Have I got a deal for you! Today I’m here to let you know about not one but TWO author talks, since we’re heading into that time of year when the chill in the air makes you want to just curl up with a blanket and a good book. And we certainly live in the right, literary town for that.
The first one is part of the library’s ongoing Thursday Author Talk series, and features distinguished author Margot Livesey, currently a fellow at the Radcliffe Writers’ Institute as well as a writer-in-residence at Emerson College in Boston. She will be reading from her newest book, published this year, “The Flight of Gemma Hardy,” which won the New England Independent Booksellers Award. I happened to pick it up over the summer – from our local library, of course – and found it an interesting and compelling read.
Livesey currently lives in Cambridge, but she was born and raised on the edge of the Scottish Highlands. She has written a slew of books, including a collection of stories as well as six novels, among them “Eva Moves the Furniture” and “The House on Fortune Street” which won the L.L. Winship/PEN New England Award. She also has an impressive teaching resume, having taught in a number of writing programs including the well-known Iowa Writers’ Workshop, Boston University, and the Warren Wilson MFA program.
The reading takes place next Thursday, October 11, at 7:30 in the Periodical Room of the library – that’s up on the second floor. Not only will she read from the book, but will answer questions afterward. She’ll also have books for sale, both the paperback version of “Gemma” and hardcover versions of her earlier books, all for $15 each. The event, as always, is free and open to the public, courtesy of the Friends of the Library. Gotta love having friends like those!
The second author event takes place on the same day, October 11, but it’s from 4 to 6 pm – so you can hit both and even grab a bite in between – and it’s at a private home. Di and Jack Clymer, who live at 13 River Street, are hosting a reception for David Marquet, who just published a book called “Turn the Ship Around: How to Create Leadership at Every Level.”
I haven’t had a chance to read this book, but just from reading the description at Amazon, I’m completely intrigued. The book is based on David’s experience as captain of the nuclear submarine, USS Santa Fe, which is impressive enough. But he was able to turn around a really difficult situation while on the ship by shifting the paradigm around leadership and empowering the people around him. Stephen Covey, the man who developed the “Seven Habits of Highly Effective People” had nothing but high praise for David’s approach, and in fact wrote the foreword for the book. That’s saying something.

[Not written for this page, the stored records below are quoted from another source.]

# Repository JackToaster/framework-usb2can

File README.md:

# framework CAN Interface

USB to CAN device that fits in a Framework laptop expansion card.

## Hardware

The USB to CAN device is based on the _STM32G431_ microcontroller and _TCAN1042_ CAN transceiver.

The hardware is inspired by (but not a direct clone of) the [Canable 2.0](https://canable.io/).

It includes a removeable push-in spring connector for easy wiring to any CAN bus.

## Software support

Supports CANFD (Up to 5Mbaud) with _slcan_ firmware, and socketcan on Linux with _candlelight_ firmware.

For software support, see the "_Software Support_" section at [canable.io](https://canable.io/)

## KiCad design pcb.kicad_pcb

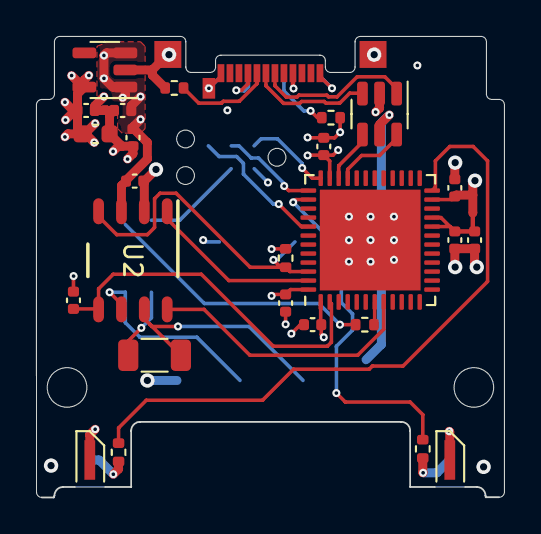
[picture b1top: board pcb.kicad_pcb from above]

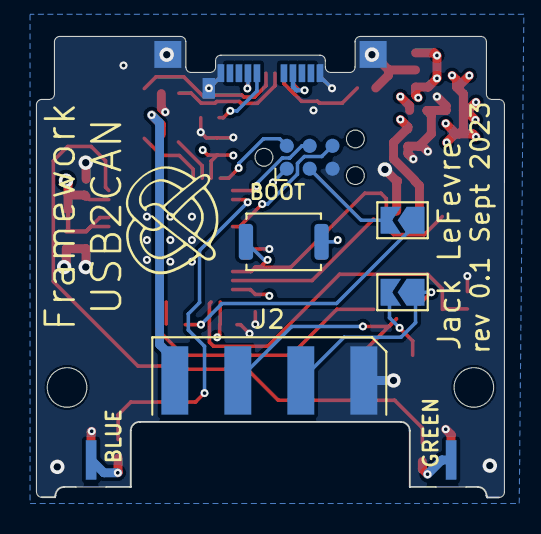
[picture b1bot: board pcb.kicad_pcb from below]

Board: 4 copper layers, 26.0 x 25.6 mm, 38 parts (7 on the bottom side), 27 nets.

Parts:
C1, C2, C4, C5, C6, C8, C10, C11: 100n; C_0402_1005Metric
C3: 4u7; C_0603_1608Metric
C9, C14, C15: 1u; C_0402_1005Metric
D2: Blue; LED_THT_Edge Mount
D3: Green; LED_THT_Edge Mount
H1, H2: MountingHole; MountingHole_2.2mm_M2
J1: TC2030-NL; Tag-Connect_TC2030-IDC-NL_2x03_P1.27mm_Vertical
J2: Conn_01x04; p3_5_edge_header
JP1: TERM; SolderJumper-2_P1.3mm_Open_TrianglePad1.0x1.5mm
JP2: RESET; SolderJumper-2_P1.3mm_Open_TrianglePad1.0x1.5mm
NT1: NetTie_2; NetTie-2_SMD_Pad0.5mm
P1: USB_C_Plug; USB_C_Plug_Molex_105444
R1, R2: 5.1k; R_0402_1005Metric
R3: 220k; R_0402_1005Metric
R4: 120; R_1206_3216Metric
R5, R9, R10: 330R; R_0402_1005Metric
SW1: BOOT; SW_Push_SPST_NO_Alps_SKRK
TP1, TP2, TP3, TP4: TestPoint; TestPoint_Pad_1.5x1.5mm
U1: WE-TVS-82400102; SOT-23-6
U2: TCAN1042HGVDQ1; D0008A_N
U3: STM32G431CBUx; QFN-48-1EP_7x7mm_P0.5mm_EP5.6x5.6mm
U9: AP2112K-3.3; SOT-23-5

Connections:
+3V3: C3.1, C4.1, C5.1, C6.1, C8.1, C15.1, J1.1 (VCC), NT1.1, SW1.1, U3.1 (VBAT), U3.23 (VDD), U3.35 (VDD), U3.48 (VDD), U9.5 (VOUT)
/SSD+: P1.A6 (D+), U1.3
/SSD-: P1.A7 (D-), U1.1
CANRX: R3.1, SW1.2, U2.4 (RXD), U3.46 (PB8)
CANTX: U2.1 (TXD), U3.47 (PB9)
CAN_IOPWR: C1.1, U2.5 (VIO), U3.2 (PC13)
CAN_STBY: U2.8 (STB), U3.8 (PA0)
GND: C1.2, C2.2, C3.2, C4.2, C5.2, C6.2, C8.2, C9.2, C10.2, C11.2, C14.2, C15.2, D2.1 (K), D3.1 (K), J1.5 (GND), J2.1, P1.A1 (GND), P1.A12 (GND), P1.B1 (GND), P1.B12 (GND), P1.S1 (SHIELD), R1.2, R2.2, R3.2, TP1.1, TP2.1, TP3.1, TP4.1, U1.2, U2.2 (GND), U3.49 (VSS), U9.2 (GND)
LEDB: R9.1, U3.38 (PA15)
LEDG: R10.1, U3.24 (PB11)
unnamed: D2.2 (A), R9.2
unnamed: D3.2 (A), R10.2
unnamed: J2.2, JP1.1 (A), U2.6 (CANL)
unnamed: J2.3, R4.1, U2.7 (CANH)
unnamed: JP1.2 (B), R4.2
unnamed: JP2.1 (A), R5.1
unnamed: P1.A5 (CC), R1.1
unnamed: P1.B5 (VCONN), R2.1
unnamed: R5.2, U3.7 (PG10)
SWCLK: J1.4 (SWCLK), U3.37 (PA14)
SWDIO: J1.2 (SWDIO), U3.36 (PA13)
SWO: J1.6 (SWO), U3.41 (PB3)
USB_D+: U1.4, U3.34 (PA12)
USB_D-: U1.6, U3.33 (PA11)
VBUS: C2.1, C11.1, C14.1, J2.4, P1.A4 (VBUS), P1.A9 (VBUS), P1.B4 (VBUS), P1.B9 (VBUS), U1.5, U2.3 (VCC), U9.1 (VIN), U9.3 (EN)
VDDA: C9.1, C10.1, NT1.2, U3.20 (VREF+), U3.21 (VDDA)
nRESET: J1.3 (~RESET), JP2.2 (B)

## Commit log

2023-06-20 schematic done
2023-06-24 Shrinking
2023-06-25 Layout and routing
2023-06-25 part numbers
2023-06-25 move parts around
2023-06-25 update part numbers
2023-09-08 made usb2can schematic/pcb
2023-09-08 fixed erc
2023-09-08 clean up tracks/vias
2023-09-16 Add exclusion to DRC check
2023-09-16 Added renders

Even cooler, David is a Concord Carlisle graduate, proof that people can leave here, do something amazing, and then come back to tell us all about it. Di and Jack are very generous to open their home to honor David; feel free to drop by next Thursday between 4 and 6 and chat with David about his experience, and his ideas on reengineering leadership. And read his book!
One last thing
In case you don’t know, the library has an art gallery upstairs, and the collection up there changes regularly. Starting tomorrow, October 5, it will be featuring images, documents, maps, aerial photographs and ephemera on “This Garden Spot of Concord, Mass.: Farming at Nine Acre Corner,” from the library’s Special Collections. To kick this off, the library is hosting an opening reception tomorrow night from 6:30 to 8:00 pm in the Main Library Lobby – for free and with light refreshments.
They will also have a speaker, Kristin (Anderson) Emerson, who will reminisce about her grandmother, Esther Wheeler Anderson, and life at the Wheeler family farm at Nine Acre Corner, a very cool way to connect the past to the present.
This exhibit is offered in collaboration with the Concord Museum’s upcoming exhibit, The Greatest Source of Wealth: Agriculture in Concord, which opens October 12.